The material below holds pictures; leave them out and reproduce exactly the lines from the one with "(part 5 of 11)" through the one with "Constant3 : Constant", inclusive.

Dataset records ▸
══════════

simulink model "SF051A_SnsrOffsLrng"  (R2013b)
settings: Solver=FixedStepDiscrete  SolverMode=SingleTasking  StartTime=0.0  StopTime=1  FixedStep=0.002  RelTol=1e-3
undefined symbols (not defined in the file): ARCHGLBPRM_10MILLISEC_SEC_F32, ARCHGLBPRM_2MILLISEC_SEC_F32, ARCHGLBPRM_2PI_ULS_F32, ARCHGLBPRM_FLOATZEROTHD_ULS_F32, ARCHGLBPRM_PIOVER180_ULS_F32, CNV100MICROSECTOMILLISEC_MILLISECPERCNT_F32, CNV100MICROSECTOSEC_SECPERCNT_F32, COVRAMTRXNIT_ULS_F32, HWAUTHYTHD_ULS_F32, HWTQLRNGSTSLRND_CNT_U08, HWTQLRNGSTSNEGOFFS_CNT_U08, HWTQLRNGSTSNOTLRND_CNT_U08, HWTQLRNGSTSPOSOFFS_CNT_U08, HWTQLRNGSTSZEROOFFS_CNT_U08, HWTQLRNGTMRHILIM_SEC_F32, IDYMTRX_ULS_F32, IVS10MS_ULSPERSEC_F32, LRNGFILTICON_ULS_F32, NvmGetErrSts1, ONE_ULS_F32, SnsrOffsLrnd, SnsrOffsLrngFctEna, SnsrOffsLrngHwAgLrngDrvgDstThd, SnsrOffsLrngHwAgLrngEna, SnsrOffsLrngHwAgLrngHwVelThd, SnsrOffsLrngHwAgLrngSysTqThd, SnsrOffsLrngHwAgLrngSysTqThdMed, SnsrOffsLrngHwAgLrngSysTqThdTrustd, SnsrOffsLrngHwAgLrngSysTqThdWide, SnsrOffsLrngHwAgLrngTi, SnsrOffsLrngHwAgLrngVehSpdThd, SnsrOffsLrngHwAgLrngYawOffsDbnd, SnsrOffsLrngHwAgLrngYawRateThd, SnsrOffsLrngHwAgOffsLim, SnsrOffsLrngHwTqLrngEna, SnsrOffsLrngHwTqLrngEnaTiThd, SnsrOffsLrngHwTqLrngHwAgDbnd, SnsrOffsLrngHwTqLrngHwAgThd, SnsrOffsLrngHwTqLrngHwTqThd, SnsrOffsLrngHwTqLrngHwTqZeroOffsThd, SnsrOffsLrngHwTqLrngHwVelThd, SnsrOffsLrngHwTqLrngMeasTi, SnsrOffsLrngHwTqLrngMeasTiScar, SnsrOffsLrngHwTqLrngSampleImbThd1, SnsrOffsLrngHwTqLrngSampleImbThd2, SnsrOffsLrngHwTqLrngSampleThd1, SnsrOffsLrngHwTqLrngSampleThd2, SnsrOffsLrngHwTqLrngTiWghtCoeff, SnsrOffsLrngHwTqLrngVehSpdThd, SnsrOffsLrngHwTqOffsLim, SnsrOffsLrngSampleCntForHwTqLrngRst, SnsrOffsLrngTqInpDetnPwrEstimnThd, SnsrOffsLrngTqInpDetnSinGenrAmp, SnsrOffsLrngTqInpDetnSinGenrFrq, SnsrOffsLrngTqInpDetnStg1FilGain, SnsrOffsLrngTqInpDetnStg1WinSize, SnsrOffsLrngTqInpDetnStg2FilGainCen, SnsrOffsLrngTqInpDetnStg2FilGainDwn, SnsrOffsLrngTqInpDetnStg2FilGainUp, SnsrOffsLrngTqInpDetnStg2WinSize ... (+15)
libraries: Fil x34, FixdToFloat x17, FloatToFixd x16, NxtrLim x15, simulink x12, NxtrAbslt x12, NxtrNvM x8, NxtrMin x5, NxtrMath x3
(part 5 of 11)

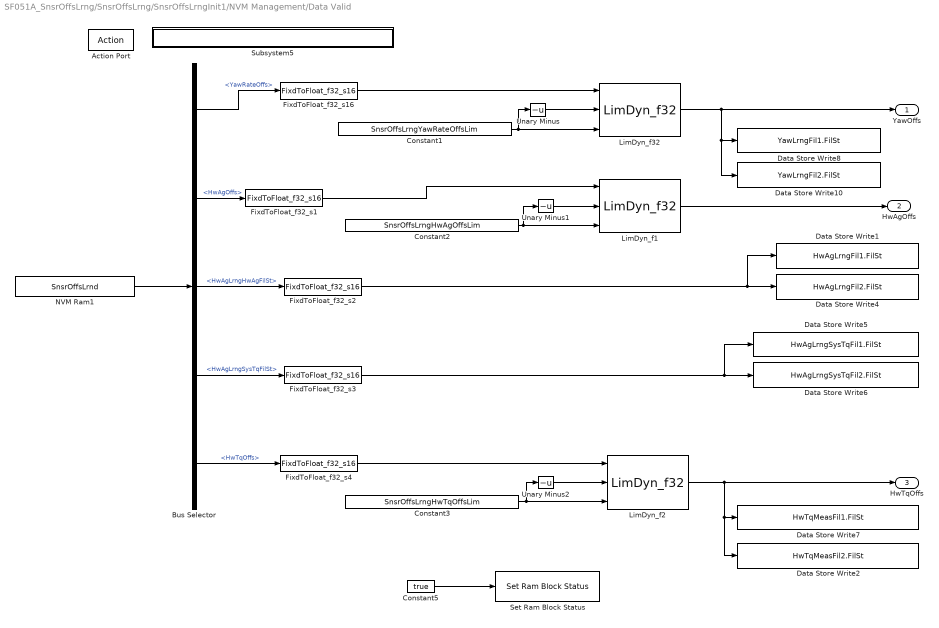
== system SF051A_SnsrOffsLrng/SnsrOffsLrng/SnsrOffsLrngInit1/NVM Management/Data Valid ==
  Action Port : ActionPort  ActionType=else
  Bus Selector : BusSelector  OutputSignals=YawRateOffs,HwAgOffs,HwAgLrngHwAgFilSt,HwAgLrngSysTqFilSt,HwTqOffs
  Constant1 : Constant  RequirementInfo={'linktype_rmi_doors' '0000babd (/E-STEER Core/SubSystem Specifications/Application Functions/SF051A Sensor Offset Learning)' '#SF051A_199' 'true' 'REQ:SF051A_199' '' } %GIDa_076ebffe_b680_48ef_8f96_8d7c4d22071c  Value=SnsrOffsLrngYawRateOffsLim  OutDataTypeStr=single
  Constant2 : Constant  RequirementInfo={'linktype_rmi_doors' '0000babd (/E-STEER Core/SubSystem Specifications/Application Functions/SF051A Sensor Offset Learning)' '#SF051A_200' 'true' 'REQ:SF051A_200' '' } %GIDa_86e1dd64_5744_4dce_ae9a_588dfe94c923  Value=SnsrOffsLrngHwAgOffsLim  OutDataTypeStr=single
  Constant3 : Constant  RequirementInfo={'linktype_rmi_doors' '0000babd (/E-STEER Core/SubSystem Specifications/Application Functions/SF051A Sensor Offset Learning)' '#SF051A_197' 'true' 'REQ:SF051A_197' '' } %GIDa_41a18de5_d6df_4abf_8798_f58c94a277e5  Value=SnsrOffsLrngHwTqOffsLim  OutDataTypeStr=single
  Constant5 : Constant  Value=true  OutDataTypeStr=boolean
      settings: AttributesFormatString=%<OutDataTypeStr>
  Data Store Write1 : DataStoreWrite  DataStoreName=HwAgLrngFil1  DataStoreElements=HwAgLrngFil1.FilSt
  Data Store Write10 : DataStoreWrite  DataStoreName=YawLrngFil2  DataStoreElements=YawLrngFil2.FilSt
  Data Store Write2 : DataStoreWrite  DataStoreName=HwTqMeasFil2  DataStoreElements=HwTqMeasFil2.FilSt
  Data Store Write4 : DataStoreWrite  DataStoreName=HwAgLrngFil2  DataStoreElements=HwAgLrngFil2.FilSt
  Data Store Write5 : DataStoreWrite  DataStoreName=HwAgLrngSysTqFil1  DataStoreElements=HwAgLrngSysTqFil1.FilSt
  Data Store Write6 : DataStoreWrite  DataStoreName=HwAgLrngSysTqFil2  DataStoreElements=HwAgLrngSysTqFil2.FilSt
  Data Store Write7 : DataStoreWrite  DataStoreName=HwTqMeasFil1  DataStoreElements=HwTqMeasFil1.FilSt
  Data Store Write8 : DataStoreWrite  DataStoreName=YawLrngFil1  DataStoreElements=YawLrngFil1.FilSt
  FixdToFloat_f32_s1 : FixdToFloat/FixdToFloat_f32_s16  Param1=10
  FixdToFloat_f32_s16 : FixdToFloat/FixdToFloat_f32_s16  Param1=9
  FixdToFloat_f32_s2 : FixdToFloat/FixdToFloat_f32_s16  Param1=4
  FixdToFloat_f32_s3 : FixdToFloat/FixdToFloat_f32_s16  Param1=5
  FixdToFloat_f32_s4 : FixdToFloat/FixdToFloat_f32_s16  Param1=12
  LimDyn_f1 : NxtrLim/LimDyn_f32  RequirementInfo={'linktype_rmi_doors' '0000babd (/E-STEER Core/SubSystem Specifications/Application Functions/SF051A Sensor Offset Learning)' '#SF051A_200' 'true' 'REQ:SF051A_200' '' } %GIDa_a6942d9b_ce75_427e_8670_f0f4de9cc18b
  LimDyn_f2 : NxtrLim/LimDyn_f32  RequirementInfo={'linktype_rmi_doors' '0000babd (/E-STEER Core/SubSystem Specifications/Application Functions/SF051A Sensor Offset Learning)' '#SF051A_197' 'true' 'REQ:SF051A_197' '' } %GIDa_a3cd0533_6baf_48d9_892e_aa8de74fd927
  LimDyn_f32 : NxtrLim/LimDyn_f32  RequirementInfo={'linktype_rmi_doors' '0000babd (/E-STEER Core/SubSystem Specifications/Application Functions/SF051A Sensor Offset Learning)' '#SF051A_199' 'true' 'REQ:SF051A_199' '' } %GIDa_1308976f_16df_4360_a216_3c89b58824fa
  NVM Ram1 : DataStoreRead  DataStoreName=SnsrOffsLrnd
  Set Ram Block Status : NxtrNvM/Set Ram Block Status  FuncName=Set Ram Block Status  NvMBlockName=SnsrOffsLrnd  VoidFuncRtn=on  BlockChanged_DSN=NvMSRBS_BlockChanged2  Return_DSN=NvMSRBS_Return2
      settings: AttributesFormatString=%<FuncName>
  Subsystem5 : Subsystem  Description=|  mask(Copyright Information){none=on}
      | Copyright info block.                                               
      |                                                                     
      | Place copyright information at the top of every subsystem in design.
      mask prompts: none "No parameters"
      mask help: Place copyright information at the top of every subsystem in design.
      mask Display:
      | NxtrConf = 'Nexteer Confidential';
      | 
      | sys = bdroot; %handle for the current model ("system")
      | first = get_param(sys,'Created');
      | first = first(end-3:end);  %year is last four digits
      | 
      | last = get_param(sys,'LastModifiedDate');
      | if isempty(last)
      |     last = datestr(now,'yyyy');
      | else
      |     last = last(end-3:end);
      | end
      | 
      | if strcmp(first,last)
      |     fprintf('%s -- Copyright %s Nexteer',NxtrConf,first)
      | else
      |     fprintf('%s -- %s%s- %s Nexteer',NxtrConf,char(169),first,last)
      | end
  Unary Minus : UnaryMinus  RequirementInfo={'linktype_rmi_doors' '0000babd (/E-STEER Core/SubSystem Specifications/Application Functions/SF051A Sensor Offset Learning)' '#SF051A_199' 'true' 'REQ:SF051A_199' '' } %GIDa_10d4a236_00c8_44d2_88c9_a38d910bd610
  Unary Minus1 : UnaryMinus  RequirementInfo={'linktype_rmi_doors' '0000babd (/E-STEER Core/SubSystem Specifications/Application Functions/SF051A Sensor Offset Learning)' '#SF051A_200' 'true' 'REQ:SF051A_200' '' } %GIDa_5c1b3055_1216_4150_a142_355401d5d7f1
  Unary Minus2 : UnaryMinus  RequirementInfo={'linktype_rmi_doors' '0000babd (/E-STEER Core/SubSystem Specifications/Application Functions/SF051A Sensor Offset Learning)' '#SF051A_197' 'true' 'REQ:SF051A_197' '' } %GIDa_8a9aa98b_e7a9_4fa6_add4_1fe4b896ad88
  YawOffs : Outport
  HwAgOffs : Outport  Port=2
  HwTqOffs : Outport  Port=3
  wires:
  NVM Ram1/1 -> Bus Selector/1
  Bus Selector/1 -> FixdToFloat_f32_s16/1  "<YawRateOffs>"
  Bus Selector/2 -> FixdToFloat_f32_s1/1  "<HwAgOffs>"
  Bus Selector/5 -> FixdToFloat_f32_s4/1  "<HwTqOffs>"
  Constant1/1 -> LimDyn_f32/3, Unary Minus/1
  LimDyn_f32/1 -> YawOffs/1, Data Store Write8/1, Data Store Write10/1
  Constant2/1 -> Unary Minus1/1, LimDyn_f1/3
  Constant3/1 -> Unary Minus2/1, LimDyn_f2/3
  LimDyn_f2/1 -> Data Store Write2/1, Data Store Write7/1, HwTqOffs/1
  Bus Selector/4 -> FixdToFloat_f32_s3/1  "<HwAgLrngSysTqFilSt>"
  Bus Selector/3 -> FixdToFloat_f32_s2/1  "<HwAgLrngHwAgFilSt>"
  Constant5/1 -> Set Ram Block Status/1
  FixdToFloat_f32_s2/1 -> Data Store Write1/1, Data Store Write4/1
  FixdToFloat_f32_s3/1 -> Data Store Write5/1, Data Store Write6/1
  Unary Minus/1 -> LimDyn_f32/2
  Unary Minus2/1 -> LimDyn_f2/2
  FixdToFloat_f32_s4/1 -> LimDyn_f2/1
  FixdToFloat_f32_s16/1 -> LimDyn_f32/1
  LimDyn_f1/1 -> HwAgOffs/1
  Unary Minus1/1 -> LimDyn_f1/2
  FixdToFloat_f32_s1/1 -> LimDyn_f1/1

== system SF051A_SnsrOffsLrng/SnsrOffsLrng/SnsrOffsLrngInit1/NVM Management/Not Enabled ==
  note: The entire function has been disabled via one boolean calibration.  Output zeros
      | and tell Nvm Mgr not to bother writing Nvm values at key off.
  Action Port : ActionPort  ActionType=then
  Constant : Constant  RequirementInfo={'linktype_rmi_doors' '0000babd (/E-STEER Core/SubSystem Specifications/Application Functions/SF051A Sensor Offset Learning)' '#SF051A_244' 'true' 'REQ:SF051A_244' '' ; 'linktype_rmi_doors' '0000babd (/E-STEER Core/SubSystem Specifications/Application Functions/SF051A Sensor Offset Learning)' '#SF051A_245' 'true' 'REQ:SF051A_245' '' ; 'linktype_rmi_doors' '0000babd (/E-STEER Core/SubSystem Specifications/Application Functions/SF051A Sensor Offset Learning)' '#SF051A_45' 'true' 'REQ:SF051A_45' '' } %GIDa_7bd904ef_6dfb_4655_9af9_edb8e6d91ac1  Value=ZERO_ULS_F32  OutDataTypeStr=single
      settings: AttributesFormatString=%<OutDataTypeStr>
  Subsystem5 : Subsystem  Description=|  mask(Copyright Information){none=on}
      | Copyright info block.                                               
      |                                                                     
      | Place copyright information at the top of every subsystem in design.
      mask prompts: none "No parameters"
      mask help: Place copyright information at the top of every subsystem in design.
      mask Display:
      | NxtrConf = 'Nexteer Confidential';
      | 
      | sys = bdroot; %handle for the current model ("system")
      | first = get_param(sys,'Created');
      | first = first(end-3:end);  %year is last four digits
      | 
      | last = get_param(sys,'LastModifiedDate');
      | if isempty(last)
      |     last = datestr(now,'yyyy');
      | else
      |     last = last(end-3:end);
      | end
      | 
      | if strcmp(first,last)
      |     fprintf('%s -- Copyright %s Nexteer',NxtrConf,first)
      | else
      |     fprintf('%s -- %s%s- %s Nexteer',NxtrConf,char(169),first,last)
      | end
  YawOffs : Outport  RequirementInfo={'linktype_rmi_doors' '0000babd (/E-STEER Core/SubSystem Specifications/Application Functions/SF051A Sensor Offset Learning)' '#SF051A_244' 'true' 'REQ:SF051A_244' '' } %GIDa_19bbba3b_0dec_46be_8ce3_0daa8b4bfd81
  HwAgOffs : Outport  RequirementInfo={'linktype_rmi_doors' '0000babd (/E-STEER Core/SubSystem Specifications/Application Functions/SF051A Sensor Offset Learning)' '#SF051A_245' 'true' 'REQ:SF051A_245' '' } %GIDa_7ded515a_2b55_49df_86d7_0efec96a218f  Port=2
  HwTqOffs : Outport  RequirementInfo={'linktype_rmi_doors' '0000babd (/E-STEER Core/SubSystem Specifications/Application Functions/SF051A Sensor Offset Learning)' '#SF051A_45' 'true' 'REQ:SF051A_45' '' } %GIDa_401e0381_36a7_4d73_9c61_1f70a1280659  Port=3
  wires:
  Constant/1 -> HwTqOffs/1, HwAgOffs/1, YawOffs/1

══════════

Reply ▸
(part 5 of 11)

== system SF051A_SnsrOffsLrng/SnsrOffsLrng/SnsrOffsLrngInit1/NVM Management/Data Valid ==
  Action Port : ActionPort  ActionType=else
  Bus Selector : BusSelector  OutputSignals=YawRateOffs,HwAgOffs,HwAgLrngHwAgFilSt,HwAgLrngSysTqFilSt,HwTqOffs
  Constant1 : Constant  RequirementInfo={'linktype_rmi_doors' '0000babd (/E-STEER Core/SubSystem Specifications/Application Functions/SF051A Sensor Offset Learning)' '#SF051A_199' 'true' 'REQ:SF051A_199' '' } %GIDa_076ebffe_b680_48ef_8f96_8d7c4d22071c  Value=SnsrOffsLrngYawRateOffsLim  OutDataTypeStr=single
  Constant2 : Constant  RequirementInfo={'linktype_rmi_doors' '0000babd (/E-STEER Core/SubSystem Specifications/Application Functions/SF051A Sensor Offset Learning)' '#SF051A_200' 'true' 'REQ:SF051A_200' '' } %GIDa_86e1dd64_5744_4dce_ae9a_588dfe94c923  Value=SnsrOffsLrngHwAgOffsLim  OutDataTypeStr=single
  Constant3 : Constant  RequirementInfo={'linktype_rmi_doors' '0000babd (/E-STEER Core/SubSystem Specifications/Application Functions/SF051A Sensor Offset Learning)' '#SF051A_197' 'true' 'REQ:SF051A_197' '' } %GIDa_41a18de5_d6df_4abf_8798_f58c94a277e5  Value=SnsrOffsLrngHwTqOffsLim  OutDataTypeStr=single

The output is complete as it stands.